CS 330-003: Formal Methods and Models
George Mason University Department of Computer Science
Spring 2020 - 1:30-2:45pm Mon/Wed - 1200 Merten Hall
Instructor: Ivan Avramovic
Email: iavramo2-at-gmu.edu
Hours: Monday/Wednesday 11:30-12:30, or by appointment, 4609 Engineering Building

Assistants:
Negar Nejatishahidin, nnejatis-at-gmu.edu (grader for this section)
Michael Crawshaw, mcrawsha-at-gmu.edu
Bahman Pedrood, bpedrood-at-gmu.edu
Chloe Andresol, candreso-at-gmu.edu (UTA)

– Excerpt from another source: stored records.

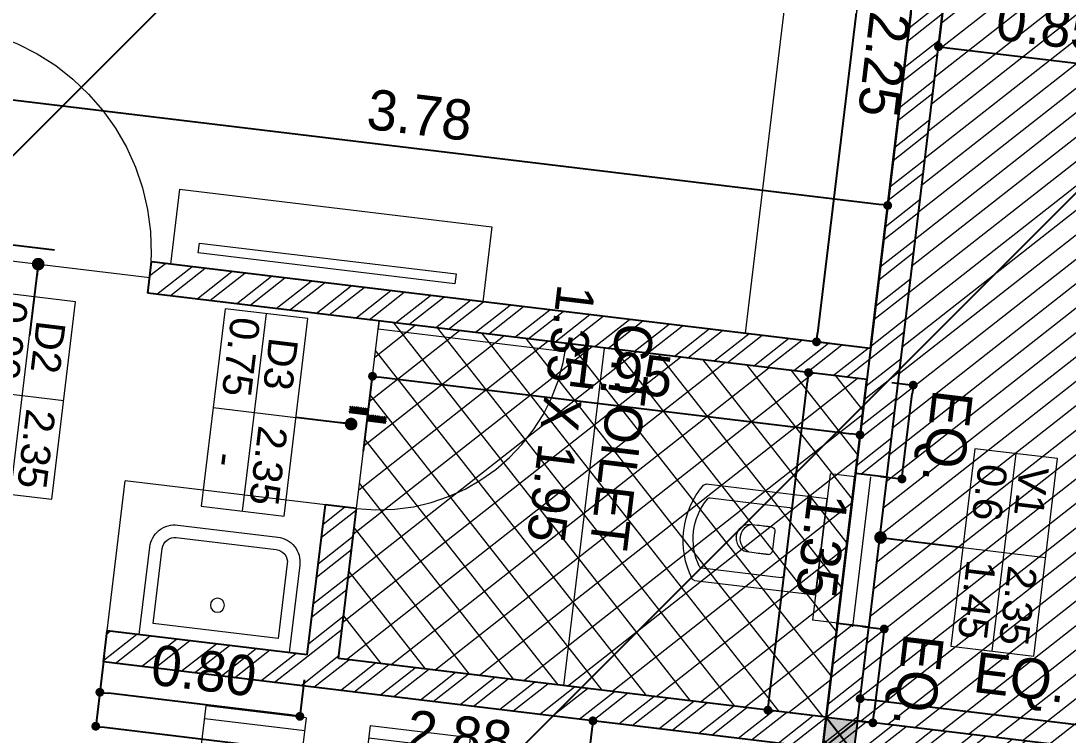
# Model space of a CAD drawing. Header units: metres. Extents: x 494 to 1845, y -666 to 1061.
# Drawn here: x 1753.7231 to 1753.8754, y 285.3103 to 285.4141 of the extents above; entities that cross this region are included whole.
import ezdxf
from ezdxf.enums import TextEntityAlignment as Align

# ---------------------------------------------------------------- set-up
doc = ezdxf.new("R2010")
doc.units = ezdxf.units.M
doc.header["$MEASUREMENT"] = 0
doc.linetypes.add('1', pattern=[0])
doc.linetypes.add('ACAD_ISO02W100', pattern=[15, 12, -3])
doc.layers.get('Defpoints').update_dxf_attribs({"color": 12})
for name, color, linetype in [('A-AREA', 1, 'Continuous'), ('COLUMN', 1, 'Continuous'), ('TILE DROP', 180, '1'), ('VDA-TEXT', 250, '1'), ('VDA-WALL BELOW', 8, 'Continuous')]:
    doc.layers.add(name, color=color, linetype=linetype)
for name, color, linetype, lineweight in [('A-Furniture', 8, 'Continuous', 13), ('A-Wall Hatch', 8, 'Continuous', 9), ('DIMENSION', 8, 'Continuous', 5), ('VDA-DOOR', 23, 'Continuous', 5), ('VDA-DW TAGS', 4, 'Continuous', 9), ('VDA-FURNITURE', 8, 'Continuous', 13), ('VDA-HATCH', 8, 'Continuous', 9), ('VDA-PLUMBING', 8, 'Continuous', 13), ('VDA-WALL', 250, 'Continuous', 25), ('VDA-WINDOW', 5, 'Continuous', 9)]:
    doc.layers.add(name, color=color, linetype=linetype, lineweight=lineweight)
doc.styles.add('arial', font='arial.ttf', dxfattribs={"height": 0.3})
doc.styles.add('RS', font='GOTHIC.TTF')
doc.styles.get("Standard").update_dxf_attribs({"font": 'arial.ttf'})
doc.dimstyles.new('SMALL-1', dxfattribs={"dimtxt": 0.16, "dimasz": 0.035, "dimexe": 0, "dimexo": 0.1, "dimgap": 0.05, "dimtad": 1, "dimzin": 0, "dimdsep": 46, "dimtxsty": 'RS', "dimblk": 'DOT', "dimcen": 2.5, "dimclrd": 256, "dimclre": 256, "dimclrt": 5, "dimadec": 0, "dimazin": 0, "dimtfac": 1, "dimtdec": 3, "dimtofl": 0, "dimtmove": 0, "dimatfit": 3, "dimfxl": 0, "dimtolj": 1, "dimtzin": 0, "dimarcsym": 0})
pattern_1 = [(45, (1152.758408798573, 282.9493043231583), (-0.1104854345604985, 0.1104854345604985), [])]
pattern_2 = [(135.0000000000001, (-4.440892098500626e-16, 0.375), (-0.004419417382415919, -0.004419417382415927), [])]

# ---------------------------------------------------------------- blocks, each defined once
blk = doc.blocks.new('6555kkm')
at = {"lineweight": 30}
h = blk.add_hatch(color=5, dxfattribs=at)
h.dxf.hatch_style = 1
h.paths.add_polyline_path([(1152.883408798573, 282.9493043231583), (1152.758408798573, 282.9493043231583), (1152.758408798573, 283.0743043231584), (1152.883408798573, 283.0743043231584)])
h = blk.add_hatch()
h.set_pattern_fill('ANSI31', color=5, scale=1.250000000001137)
h.set_pattern_definition(pattern_1)
h.paths.add_polyline_path([(1152.758408798573, 283.0743043231584), (1152.883408798573, 283.0743043231584), (1152.883408798573, 282.9493043231583), (1152.758408798573, 282.9493043231583)])
h = blk.add_hatch()
h.set_pattern_fill('ANSI31', color=5, scale=1.250000000001137)
h.set_pattern_definition(pattern_1)
h.paths.add_polyline_path([(1152.758408798573, 283.0743043231584), (1152.883408798573, 283.0743043231584), (1152.883408798573, 282.9493043231583), (1152.758408798573, 282.9493043231583)])
at = {"layer": 'COLUMN', "color": 5, "lineweight": 25}
for p, q in [((1152.758408798573, 282.9493043231583), (1152.883408798573, 283.0743043231584)), ((1152.883408798573, 282.9493043231583), (1152.758408798573, 283.0743043231584))]:
    blk.add_line(p, q, dxfattribs=at)
blk.add_lwpolyline([(1152.758408798573, 283.0743043231584), (1152.883408798573, 283.0743043231584), (1152.883408798573, 282.9493043231583), (1152.758408798573, 282.9493043231583)], close=True, dxfattribs=at)
blk = doc.blocks.new('zw$417C')
at = {"layer": 'COLUMN', "color": 8, "lineweight": 30}
blk.add_blockref('6555kkm', (-1107.771030042976, -275.5117372282455), dxfattribs=at)
blk = doc.blocks.new('zw$DD4')
at = {"layer": 'A-Furniture', "extrusion": (1.204778837184228e-06, -1.515233374796364e-06, 0.9999999999981264)}
for p, q in [((0.300014647655189, 1.352509115007706), (0.2999982098117471, 9.115203283727169e-06)), ((1.050014647655189, 1.352499999920838), (0.300014647655189, 1.352509115007706)), ((1.049998209811747, 0), (1.050014647655189, 1.352499999920838)), ((7.973052561283112e-06, 0.8033122207270935), (1.283455640077591e-05, 1.203312220750377)), ((0.4500128347426653, 1.203306751791388), (1.283455640077591e-05, 1.203312220750377)), ((0.05001283437013626, 1.203311613062397), (0.05000797286629677, 0.8033116131555289)), ((0.4500079732388258, 0.8033067517681047), (0.4500128347426653, 1.203306751791388)), ((0.9000079724937677, 0.8033012826927006), (0.9000128349289298, 1.203301282599568)), ((0.9000128349289298, 1.203301282599568), (1.350012834183872, 1.203295813407749)), ((1.300012834370136, 1.203296421095729), (1.300007972866297, 0.8032964210724458)), ((1.350007972680032, 0.8032958133844659), (1.350012834183872, 1.203295813407749)), ((7.973052561283112e-06, 0.8033122207270935), (0.4500079732388258, 0.8033067517681047)), ((1.350007972680032, 0.8032958132680506), (0.9000079724937677, 0.8033012826927006)), ((4.861503839492798e-06, 0.5473109191516414), (0, 0.1473109192447737)), ((4.861503839492798e-06, 0.5473109192680568), (0.450004861690104, 0.547305449959822)), ((0.04999999981373549, 0.1473103115567937), (0.05000486224889755, 0.5473103114636615)), ((0.450004861690104, 0.547305449959822), (0.4500000001862645, 0.1473054499365389)), ((0.9000048618763685, 0.5472999807680026), (0.900000000372529, 0.1472999808611348)), ((1.35000486113131, 0.5472945119254291), (0.9000048618763685, 0.5472999807680026)), ((1.299999999813735, 0.147295119590126), (1.300004861317575, 0.5472951194969937)), ((1.35000486113131, 0.5472945118090138), (1.350000000558794, 0.147294511902146)), ((0, 0.1473109192447737), (0.4500000001862645, 0.1473054499365389)), ((1.350000000558794, 0.147294511902146), (0.900000000372529, 0.1472999808611348)), ((0.2999982098117471, 9.115203283727169e-06), (1.049998209811747, 0))]:
    blk.add_line(p, q, dxfattribs=at)
blk = doc.blocks.new('zw$FB86')
at = {"layer": 'VDA-FURNITURE'}
for points in [[(0, 0.4500000000007276), (0, 0.1000000000003638, 0.4142135623890781), (0.09999999999854481, 0), (0.5, 0, 0.4142135623784227), (0.5999999999985448, 0.1000000000003638), (0.5999999999985448, 0.4500000000007276)], [(0.05000000000291038, 0.4000000000014552), (0.05000000000291038, 0.09999999999672582, 0.4142135623730954), (0.09999999999854481, 0.0499999999992724), (0.5, 0.0499999999992724, 0.4142135623730952), (0.5499999999956344, 0.09999999999854481), (0.5499999999956344, 0.4000000000014552)]]:
    blk.add_lwpolyline(points, format="xyb", close=True, dxfattribs=at)
blk.add_circle((0.2941563244385179, 0.2973085056728451), 0.02777948606671998, dxfattribs=at)
blk = doc.blocks.new('zw$2702')
at = {"layer": 'VDA-FURNITURE'}
for p, q in [((0.5499802494960022, 0), (0.5499802476333571, 0.584986173780635)), ((0.6499802481921506, 0.5849861740134656), (0.5499802476333571, 0.584986173780635)), ((0.6499802491234732, 2.328306436538696e-10), (0.6499802481921506, 0.5849861740134656)), ((0.06626789482106688, 0.4849861727561802), (0.5499802476333571, 0.4849861738039181)), ((0.5499802476333571, 0.4849861738039181), (0.5499802485646796, 0.09999999997671694)), ((0.08852634602953913, 0.4324880581116304), (0.4059854198785615, 0.4324880588101223)), ((0.4179849887805176, 0.4204884897917509), (0.4179849887805176, 0.1644976834068075)), ((0.2234204721244168, 0.3293784004636109), (0.2280877952071023, 0.3340172126190737)), ((0.2280877952071023, 0.3340172126190737), (0.2337104606049252, 0.338173373718746)), ((0.2337104606049252, 0.338173373718746), (0.2403773705082131, 0.3416860003490001)), ((0.2403773705082131, 0.3416860003490001), (0.248177426175971, 0.3443942085141316)), ((0.248177426175971, 0.3443942085141316), (0.2571995307298494, 0.3461371148005128)), ((0.2571995307298494, 0.3461371148005128), (0.2675325863601756, 0.3467538355616853)), ((0.2675325863601756, 0.3467538355616853), (0.2780191826241207, 0.3467557415133342)), ((0.2780191826241207, 0.3467557415133342), (0.2874714464487624, 0.3467611278174445)), ((0.2874714464487624, 0.3467611278174445), (0.2959387444498134, 0.3467694973805919)), ((0.2959387444498134, 0.3467694973805919), (0.3034704441743088, 0.3467803528765216)), ((0.3034704441743088, 0.3467803528765216), (0.3101159131692839, 0.3467931972118095)), ((0.3101159131692839, 0.3467931972118095), (0.3159245171191287, 0.3468075330602005)), ((0.3159245171191287, 0.3468075330602005), (0.3209456235708785, 0.3468228633282706)), ((0.3209456235708785, 0.3468228633282706), (0.3252286000715685, 0.3468386908061802)), ((0.3252286000715685, 0.3468386908061802), (0.3288228123055887, 0.3468545182840899)), ((0.3288228123055887, 0.3468545182840899), (0.3317776278199744, 0.34686984855216)), ((0.3317776278199744, 0.34686984855216), (0.3341424141617608, 0.3468841845169663)), ((0.3341424141617608, 0.3468841845169663), (0.3359665379466605, 0.3468970287358388)), ((0.3359665379466605, 0.3468970287358388), (0.3381902633773279, 0.346916253794916)), ((0.3381902633773279, 0.346916253794916), (0.3388437426256132, 0.3469235459342599)), ((0.3388437426256132, 0.3469235459342599), (0.3397653868960333, 0.3470724488142878)), ((0.3397653868960333, 0.3470724488142878), (0.3421951776908827, 0.3472432924900204)), ((0.3421951776908827, 0.3472432924900204), (0.3456303991915775, 0.3470222798641771)), ((0.3456303991915775, 0.3470222798641771), (0.3495683355795336, 0.3459956140723079)), ((0.3495683355795336, 0.3459956140723079), (0.3535062728988123, 0.3437494980171323)), ((0.3535062728988123, 0.3437494980171323), (0.3569414934681845, 0.3398701344849542)), ((0.3569414934681845, 0.3398701344849542), (0.3583134880827856, 0.337188673322089)), ((0.3583134880827856, 0.337188673322089), (0.3593712842630339, 0.3339437264949083)), ((0.3593712842630339, 0.3339437264949083), (0.3600520447434974, 0.3300835692789406)), ((0.2097325569557142, 0.2918388803955168), (0.2097360829429817, 0.2924556011566892)), ((0.2097325569557142, 0.2916363230906427), (0.2097360829429817, 0.2910196023294702)), ((0.2097360829429817, 0.2924556011566892), (0.2098059284107876, 0.2941985074430704)), ((0.2098059284107876, 0.2941985074430704), (0.2100309964807821, 0.2969067156082019)), ((0.2100309964807821, 0.2969067156082019), (0.2105001874806476, 0.3004193421220407)), ((0.2105001874806476, 0.3004193421220407), (0.2113024063946796, 0.3045755033381283)), ((0.2113024063946796, 0.3045755033381283), (0.2125265535505605, 0.3092143153771758)), ((0.2125265535505605, 0.3092143153771758), (0.214261531138618, 0.3141748948255554)), ((0.214261531138618, 0.3141748948255554), (0.2165962422805023, 0.3192963579203933)), ((0.2165962422805023, 0.3192963579203933), (0.2196195882352185, 0.3244178210152313)), ((0.2196195882352185, 0.3244178210152313), (0.2234204721244168, 0.3293784004636109)), ((0.3600520447434974, 0.3300835692789406), (0.3602929294647765, 0.3255564770661294)), ((0.3602929294647765, 0.3262134199030697), (0.3602929294647765, 0.2587727529462427)), ((0.2097360829429817, 0.2910196023294702), (0.2098059284107876, 0.289276696043089)), ((0.2098059284107876, 0.289276696043089), (0.2100309964807821, 0.2865684878779575)), ((0.2100309964807821, 0.2865684878779575), (0.2105001884119702, 0.2830558613641188)), ((0.2105001884119702, 0.2830558613641188), (0.2113024063946796, 0.2788997001480311)), ((0.2113024063946796, 0.2788997001480311), (0.2125265535505605, 0.2742608881089836)), ((0.2125265535505605, 0.2742608881089836), (0.214261531138618, 0.2693003086606041)), ((0.214261531138618, 0.2693003086606041), (0.2165962422805023, 0.2641788455657661)), ((0.2165962422805023, 0.2641788455657661), (0.2196195882352185, 0.2590573824709281)), ((0.2196195882352185, 0.2590573824709281), (0.2234204721244168, 0.2540968030225486)), ((0.2234204721244168, 0.2540968030225486), (0.2280877952071023, 0.2494579909835011)), ((0.358435750247736, 0.2480648637283593), (0.3594544718580437, 0.2511184909380972)), ((0.3594544718580437, 0.2511184909380972), (0.3600944245772553, 0.2546750580659136)), ((0.3600944245772553, 0.2546750580659136), (0.3602929294647765, 0.2587727529462427)), ((0.2280877952071023, 0.2494579909835011), (0.2337104615362477, 0.2453018297674134)), ((0.2337104615362477, 0.2453018297674134), (0.2403773705082131, 0.24178920336999)), ((0.2403773705082131, 0.24178920336999), (0.2481774271072936, 0.2390809950884432)), ((0.2481774271072936, 0.2390809950884432), (0.2571995316611719, 0.237338088802062)), ((0.2571995316611719, 0.237338088802062), (0.2675325863601756, 0.2367213681573048)), ((0.2675325863601756, 0.2367213681573048), (0.2780236706676078, 0.2367217985447496)), ((0.2780236706676078, 0.2367217985447496), (0.2874886181743932, 0.2367230148520321)), ((0.2874886181743932, 0.2367230148520321), (0.2959756257550907, 0.2367249047383666)), ((0.2959756257550907, 0.2367249047383666), (0.3035328884216142, 0.236727355979383)), ((0.3035328884216142, 0.236727355979383), (0.3102086030485225, 0.236730256350711)), ((0.3102086030485225, 0.236730256350711), (0.3160509665103746, 0.236733493511565)), ((0.3160509665103746, 0.236733493511565), (0.3211081728877616, 0.2367369552375749)), ((0.3211081728877616, 0.2367369552375749), (0.3254284199865651, 0.236740529187955)), ((0.3254284199865651, 0.236740529187955), (0.3290599037500215, 0.236744103138335)), ((0.3290599037500215, 0.236744103138335), (0.332050820121367, 0.2367475647479296)), ((0.332050820121367, 0.2367475647479296), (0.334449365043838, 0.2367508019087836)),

Prerequisites: CS211 and MATH125 (C or better in both)
Textbook: Hamburger and Richards, Logic and Language Models for Computer Science, Third Edition

Webpage: https://cs.gmu.edu/~iavramo2/classes/cs330s20.html
Piazza: https://piazza.com/ for questions and discussion
Schedule: see course webpage

Description

This course is an introduction to two kinds of formal systems - languages and logics - with important applications to computer science. The study of formal languages underlies important aspects of compilers and other language processing systems, as well as the theory of computation. Various systems of logic and automatic reasoning are put to use in artificial intelligence, database theory and software engineering. The entire course will give you practice in precise thinking and proof methods that play a role in the analysis of algorithms. The programming assignments provide practical experience with some theoretical topics.

Outcomes

  1. Students will understand the concepts and relevance of logic, formal languages and automata theory, and computability.
  2. Students will be able to do mechanical formal proofs, program correctness proofs and solve problems in first-order logic.
  3. Students will be able to solve problems in elementary machine models: designing finite-state, pushdown and turing machines.
  4. Students will be able to solve problems in formal languages: writing regular expressions, regular grammars, and context-free grammars.
Topics

Grades

Policies

Honor Code

Programming assignments are an individual effort, no group work is allowed. This includes the sharing of test cases. Any direct contribution on a quiz, exam, note sheet or programming assignment will be treated as a violation of George Mason's Honor Code.